Top Skills Companies Want on their Big Data Teams

June 20th, 2014

What skills and attributes are employers looking for as they build their Big Data dream teams? And where will you fit in?

Turning Data into Business Insights

Today’s employers are looking to build well-rounded Big Data teams that combine business and IT skills across a group of individuals. While hard technical skills are a necessity, successful candidates also need well-rounded capabilities in communications, presentation, team building and problem solving.

  • In a recent survey, 35 percent of senior managers said creativity was the most important attribute they looked for in analysts and data scientists.
  • Forty-three percent of respondents demand technical IT skills and 33 percent are looking at the business analyst community as they craft their Big Data teams.

As noted by Dan Quine, CEO of the concert tracking website Songkick, “We believe skills and creativity are at least as important as pure technical skills for data scientists. Data analysis always takes place in the context of business strategy and decisions. As such, data scientists have to understand what business problems they are solving and how their work advances the company’s goals.”

He concludes that well-honed analytical skills will always be a requirement, but that such skills will be “useless unless the results are understandable by everyone in the company and have a clear impact on business success.”

What Employers Want

Analytics experts with the right stuff for mining Big Data are in high demand. Nearly two-thirds of companies surveyed recently by The Wall Street Journal said they plan to invest in Big Data technology this year. But technical skills alone are not enough to secure a candidate a top position. Requirements also include creative problem solving and good, old fashioned communication skills.

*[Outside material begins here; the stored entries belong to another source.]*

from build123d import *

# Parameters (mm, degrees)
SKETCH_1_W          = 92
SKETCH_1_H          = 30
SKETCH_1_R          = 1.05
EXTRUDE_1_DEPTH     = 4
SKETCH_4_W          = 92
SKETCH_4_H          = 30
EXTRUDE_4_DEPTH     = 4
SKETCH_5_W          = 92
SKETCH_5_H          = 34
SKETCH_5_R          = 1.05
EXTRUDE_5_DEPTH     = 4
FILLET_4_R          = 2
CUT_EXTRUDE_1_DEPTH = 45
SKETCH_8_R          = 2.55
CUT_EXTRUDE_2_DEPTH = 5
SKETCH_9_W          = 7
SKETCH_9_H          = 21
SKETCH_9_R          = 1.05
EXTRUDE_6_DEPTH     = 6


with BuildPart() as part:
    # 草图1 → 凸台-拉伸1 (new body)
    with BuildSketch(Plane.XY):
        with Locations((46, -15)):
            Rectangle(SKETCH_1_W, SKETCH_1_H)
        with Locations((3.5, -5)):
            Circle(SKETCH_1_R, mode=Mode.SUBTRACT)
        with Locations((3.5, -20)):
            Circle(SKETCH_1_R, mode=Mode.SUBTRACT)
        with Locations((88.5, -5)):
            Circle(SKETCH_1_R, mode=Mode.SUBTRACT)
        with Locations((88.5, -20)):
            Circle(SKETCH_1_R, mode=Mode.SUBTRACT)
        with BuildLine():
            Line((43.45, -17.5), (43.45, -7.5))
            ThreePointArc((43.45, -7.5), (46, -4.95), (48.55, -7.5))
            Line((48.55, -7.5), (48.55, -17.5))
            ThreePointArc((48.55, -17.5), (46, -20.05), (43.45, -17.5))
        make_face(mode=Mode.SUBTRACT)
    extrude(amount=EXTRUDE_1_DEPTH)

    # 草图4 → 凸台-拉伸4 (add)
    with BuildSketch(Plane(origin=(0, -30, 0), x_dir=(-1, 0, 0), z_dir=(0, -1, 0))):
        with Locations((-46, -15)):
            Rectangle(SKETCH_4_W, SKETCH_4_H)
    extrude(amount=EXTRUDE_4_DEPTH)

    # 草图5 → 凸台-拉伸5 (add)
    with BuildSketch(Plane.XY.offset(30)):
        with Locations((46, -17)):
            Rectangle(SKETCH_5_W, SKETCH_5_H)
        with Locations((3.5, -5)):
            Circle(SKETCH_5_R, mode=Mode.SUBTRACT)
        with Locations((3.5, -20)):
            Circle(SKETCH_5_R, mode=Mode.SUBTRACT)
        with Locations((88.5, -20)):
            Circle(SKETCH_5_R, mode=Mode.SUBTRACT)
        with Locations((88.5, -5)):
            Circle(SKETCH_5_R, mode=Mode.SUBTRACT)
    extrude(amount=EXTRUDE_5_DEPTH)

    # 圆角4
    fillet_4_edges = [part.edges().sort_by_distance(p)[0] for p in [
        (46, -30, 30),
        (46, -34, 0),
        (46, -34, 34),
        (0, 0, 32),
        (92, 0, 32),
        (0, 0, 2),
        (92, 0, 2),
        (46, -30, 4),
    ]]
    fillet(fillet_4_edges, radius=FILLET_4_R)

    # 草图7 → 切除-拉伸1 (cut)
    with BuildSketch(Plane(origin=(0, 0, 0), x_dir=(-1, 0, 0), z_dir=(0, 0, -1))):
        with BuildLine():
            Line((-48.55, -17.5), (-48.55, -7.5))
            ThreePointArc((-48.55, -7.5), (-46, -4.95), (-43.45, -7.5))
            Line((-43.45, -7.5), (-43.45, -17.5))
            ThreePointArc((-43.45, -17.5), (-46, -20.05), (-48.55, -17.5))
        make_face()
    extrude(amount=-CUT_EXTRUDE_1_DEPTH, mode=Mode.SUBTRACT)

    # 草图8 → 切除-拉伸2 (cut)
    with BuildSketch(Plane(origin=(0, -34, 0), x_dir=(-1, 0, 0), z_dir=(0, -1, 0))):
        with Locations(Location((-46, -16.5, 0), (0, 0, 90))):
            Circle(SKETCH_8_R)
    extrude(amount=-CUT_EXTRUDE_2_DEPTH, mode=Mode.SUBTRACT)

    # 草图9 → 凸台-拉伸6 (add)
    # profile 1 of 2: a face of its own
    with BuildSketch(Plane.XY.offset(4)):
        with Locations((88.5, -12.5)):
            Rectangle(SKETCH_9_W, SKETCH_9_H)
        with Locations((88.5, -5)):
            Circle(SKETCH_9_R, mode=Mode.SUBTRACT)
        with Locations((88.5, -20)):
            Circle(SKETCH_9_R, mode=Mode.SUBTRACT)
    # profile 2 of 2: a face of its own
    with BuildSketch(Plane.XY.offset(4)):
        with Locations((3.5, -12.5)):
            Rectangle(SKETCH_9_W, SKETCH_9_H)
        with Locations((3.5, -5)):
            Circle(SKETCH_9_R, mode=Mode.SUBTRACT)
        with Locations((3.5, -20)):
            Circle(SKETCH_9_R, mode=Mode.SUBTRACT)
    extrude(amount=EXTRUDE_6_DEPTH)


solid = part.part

In high demand in today’s business environment are:

  • Software engineers: These professionals develop information systems by designing and installing software solutions. They are skilled at analyzing information, general programming and software documentation, testing, debugging, requirements and development fundamentals and processes.
  • Storage data (aka Big Data) architects: They are adept at using software to store and organize data, such as financial information and customer shipping records. They ensure that data is available to users and is secure from unauthorized access. Along with exceptional analytical skills, they have experience with SQL, scripting, and database modelling, backup and recovery.
  • Business analysts: These specialists propose ways to improve an organization’s efficiency by advising managers on how to become more profitable. They don’t necessarily need hard technical skills, but they must be able to understand technology well enough to communicate and negotiate with company leaders and business influencers.
  • Computer systems analysts: Their role is to study and organize computer systems and procedures and make recommendations to help companies operate more effectively. They bring business and IT together by understanding the needs and limitations of both.